How can I ensure that my simulation starts a new "time to failure" countdown only after the repair is complete?

I am creating a simulation of a 2 machine system with a buffer in between with fixed processing speeds, failure rate and maintenance speeds (later I will change this to having some sort of distribution, but for now baby steps first). The steps are as follows:

I have gotten quite far with all of the above points accounted for. The only thing is that the failures keep counting the failure time per multiple of the unit I give it and it does not start counting after the machine has been fixed again. So it might break at 7, is fixed at 11 but then breaks at 14 again instead of 11+7=18.

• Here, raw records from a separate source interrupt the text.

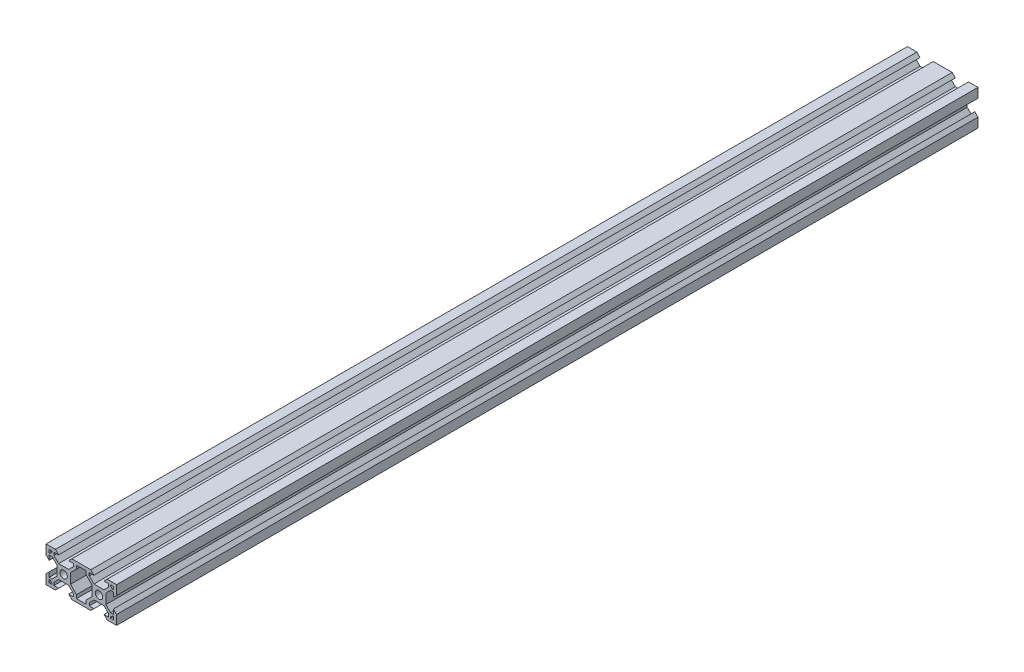
SolidWorks part; units mm, degrees
ref_plane "Front Plane" through (0, 0, 0) normal (0, 0, 1) x (1, 0, 0)
ref_plane "Top Plane" through (0, 0, 0) normal (0, 1, 0) x (1, 0, 0)
ref_plane "Right Plane" through (0, 0, 0) normal (1, 0, 0) x (0, 0, -1)
sketch "Sketch1" plane through (0, 0, 0) normal (0, 0, 1) x (1, 0, 0)
  line L0 (0, 0) -> (0, 5.36)
  line L1 (0, 20) -> (5.36, 20)
  line L3 (20, 0) -> (14.64, 0)
  line L4 (0, 10) -> (20, 10) construction
  line L5 (5.36, 0) -> (0, 0)
  line L6 (4.5007, 18.2) -> (7.16, 18.2)
  line L7 (17.3007, 3.76) -> (17.3007, 1.8)
  line L8 (15.4993, 1.8) -> (12.84, 1.8)
  line L9 (20, 0) -> (0, 0) construction
  line L10 (7.16, 1.8) -> (4.5007, 1.8)
  line L11 (15.4993, 3.44) -> (12.84, 6.0993)
  line L12 (4.5007, 16.56) -> (7.16, 13.9007)
  line L13 (13.9007, 12.84) -> (13.9007, 7.16)
  line L14 (12.84, 13.9007) -> (7.16, 13.9007)
  line L15 (6.0993, 12.84) -> (6.0993, 7.16)
  line L16 (7.16, 6.0993) -> (12.84, 6.0993)
  line L17 (4.5007, 16.56) -> (4.5007, 18.2)
  line L18 (3.44, 15.4993) -> (1.8, 15.4993)
  line L19 (4.5007, 3.44) -> (4.5007, 1.8)
  line L20 (3.44, 4.5007) -> (1.8, 4.5007)
  line L21 (15.4993, 3.44) -> (15.4993, 1.8)
  line L23 (17.3007, 1.8) -> (22.7007, 1.8)
  line L24 (15.4993, 16.56) -> (15.4993, 18.2)
  line L25 (7.16, 18.2) -> (5.36, 20)
  line L26 (12.84, 1.8) -> (14.64, 0)
  line L27 (7.16, 1.8) -> (5.36, 0)
  line L28 (12.84, 18.2) -> (14.64, 20)
  line L29 (1.8, 7.16) -> (0, 5.36)
  line L30 (1.8, 12.84) -> (0, 14.64)
  line L31 (22.7007, 1.8) -> (22.7007, 3.76)
  line L32 (17.3007, 16.24) -> (17.3007, 18.2)
  line L33 (17.3007, 18.2) -> (22.6993, 18.2)
  line L34 (22.6993, 18.2) -> (22.6993, 16.24)
  line L35 (38.2013, 12.8423) -> (40.001, 14.6427)
  line L36 (38.2024, 7.1623) -> (40.0028, 5.3627)
  line L37 (27.16, 18.2) -> (25.36, 20)
  line L38 (32.84, 1.8) -> (34.64, 0)
  line L39 (27.16, 1.8) -> (25.36, 0)
  line L40 (32.84, 18.2) -> (34.64, 20)
  line L41 (24.5013, 16.5597) -> (24.5009, 18.2)
  line L42 (1.8, 18.2) -> (3.4307, 18.2)
  line L43 (3.4307, 18.2) -> (3.4307, 17.63)
  line L44 (24.5038, 3.4397) -> (24.5041, 1.8)
  line L45 (36.5629, 4.5027) -> (38.2029, 4.503)
  line L46 (35.5025, 3.4418) -> (35.5028, 1.8)
  line L47 (36.5608, 15.5014) -> (38.2008, 15.5017)
  line L48 (35.4999, 16.5618) -> (35.4996, 18.2)
  line L49 (32.8426, 6.1006) -> (27.1626, 6.0995)
  line L50 (33.902, 12.8415) -> (33.9031, 7.1615)
  line L51 (27.1611, 13.9009) -> (32.8411, 13.902)
  line L52 (26.1007, 12.84) -> (26.1007, 7.16)
  line L53 (1.8, 4.5007) -> (1.8, 7.16)
  line L54 (24.5038, 3.4397) -> (27.1626, 6.0995)
  line L55 (35.5025, 3.4418) -> (32.8426, 6.1006)
  line L56 (36.5629, 4.5027) -> (33.9031, 7.1615)
  line L57 (24.5041, 1.8) -> (27.16, 1.8)
  line L58 (3.4307, 17.63) -> (2.37, 16.5693)
  line L59 (3.44, 4.5007) -> (6.0993, 7.16)
  line L60 (35.4996, 18.2) -> (32.84, 18.2)
  line L61 (20, 0) -> (25.36, 0)
  line L62 (39.9999, 20) -> (34.64, 20)
  line L63 (40.0038, 0) -> (40.0028, 5.3627)
  line L64 (1.8, 12.84) -> (1.8, 15.4993)
  line L65 (1.8, 1.8) -> (1.8, 18.2) construction
  line L66 (0, 14.64) -> (0, 20)
  line L67 (0, 0) -> (0, 20) construction
  line L68 (14.64, 20) -> (20, 20)
  line L69 (0, 20) -> (20, 20) construction
  line L70 (12.84, 18.2) -> (15.4993, 18.2)
  line L71 (1.8, 18.2) -> (18.2, 18.2) construction
  line L72 (25.36, 20) -> (20, 20)
  line L73 (27.16, 18.2) -> (24.5009, 18.2)
  line L74 (38.2013, 12.8423) -> (38.2008, 15.5017)
  line L75 (40.001, 14.6427) -> (39.9999, 20)
  line L76 (32.84, 1.8) -> (35.5028, 1.8)
  line L77 (34.64, 0) -> (40.0038, 0)
  line L78 (38.2029, 4.503) -> (38.2024, 7.1623)
  line L79 (35.4999, 16.5618) -> (32.8411, 13.902)
  line L80 (4.5007, 3.44) -> (7.16, 6.0993)
  line L81 (2.37, 16.5693) -> (1.8, 16.5693)
  line L82 (18.2, 1.8) -> (1.8, 1.8) construction
  line L83 (18.2, 18.2) -> (18.2, 1.8) construction
  line L84 (1.8, 16.5693) -> (1.8, 18.2)
  line L85 (20, 20) -> (20, 0) construction
  line L86 (1.8, 3.4307) -> (1.8, 1.8)
  line L87 (2.37, 3.4307) -> (1.8, 3.4307)
  line L88 (3.4307, 2.37) -> (2.37, 3.4307)
  line L89 (3.4307, 1.8) -> (3.4307, 2.37)
  line L90 (1.8, 1.8) -> (3.4307, 1.8)
  line L91 (13.9007, 7.16) -> (17.3007, 3.76)
  line L92 (20, 20) -> (20, -0.3542) construction
  line L93 (38.2, 1.8) -> (36.5693, 1.8)
  line L94 (36.5693, 1.8) -> (36.5693, 2.37)
  line L95 (36.5693, 2.37) -> (37.63, 3.4307)
  line L96 (37.63, 3.4307) -> (38.2, 3.4307)
  line L97 (38.2, 3.4307) -> (38.2, 1.8)
  line L98 (38.2, 16.5693) -> (38.2, 18.2)
  line L99 (37.63, 16.5693) -> (38.2, 16.5693)
  line L100 (36.5693, 17.63) -> (37.63, 16.5693)
  line L101 (36.5693, 18.2) -> (36.5693, 17.63)
  line L102 (38.2, 18.2) -> (36.5693, 18.2)
  line L103 (6.0993, 12.84) -> (3.44, 15.4993)
  line L104 (13.9007, 12.84) -> (17.3007, 16.24)
  line L105 (12.84, 13.9007) -> (15.4993, 16.56)
  line L106 (33.902, 12.8415) -> (36.5608, 15.5014)
  line L108 (27.1611, 13.9009) -> (24.5013, 16.5597)
  line L109 (26.1007, 12.84) -> (22.6993, 16.24)
  line L110 (26.1007, 7.16) -> (22.7007, 3.76)
  circle A0 centre (10, 10) radius 2.1
  circle A1 centre (30, 10) radius 2.1
  point P14 (17.3007, 3.76)
  point P81 (0, 0)
  point P82 (0, 0)
  point P112 (17.3007, 1.8)
  dimension "D3" = 4.2
  dimension "D1" = 20
  dimension "D2" = 20
  dimension "D5" = 5.4
  dimension "D7" = 1.07
  dimension "D8" = 45
  dimension "D9" = 1.5
  dimension "D10" = 4.5007
  dimension "D11" = 5.68
  dimension "D12" = 5.68
  dimension "D13" = 5.68
  dimension "D14" = 5.68
  dimension "D15" = 1.64
  dimension "D16" = 1.64
  dimension "D17" = 1.64
  dimension "D18" = 1.64
  dimension "D19" = 1.64
  dimension "D20" = 15.4993
  dimension "D21" = 1.07
  dimension "D22" = 1.64
  dimension "D23" = 45
  dimension "D24" = 45
  dimension "D25" = 1.5
  dimension "D26" = 45
  dimension "D27" = 45
  dimension "D28" = 45
  dimension "D4" = 1.8
extrude "Boss-Extrude1" add sketch "Sketch1" against normal blind 488

It seems like the failure is just on an infinite loop. Does anyone know how I can change this? My code is as follows:

import simpy
import random

# Machine 1
speed_1 = 2          # Avg. processing time of Machine 1 in minutes
# speed_1_stdev = 0.6  # St. dev. of processing time of Machine 1
MTTF_1 = 10          # Mean time to failure Machine 1
# fail_1 = 1/MTTF_1    # Parameter for exp. distribution
repair_1 = 3         # Time it takes to repair Machine 1

# Machine 2
speed_2 = 3          # Processing time of Machine 2 in minutes
# speed_2_stdev = 0.6  # St. dev. of processing time of Machine 2
MTTF_2 = 7           # Mean time to failure Machine 1
# fail_2 = 1/MTTF_2    # Parameter for exp. distribution
repair_2 = 4         # Time it takes to repair Machine 2

# Simulation time
time = 120           # Sim time in minutes

#---------------------------------------------------------------------
# Class setup for a Machine
class Machine(object):
    """
    A machine produces units at a fixed processing speed, 
    takes units from a store before and puts units into a store after.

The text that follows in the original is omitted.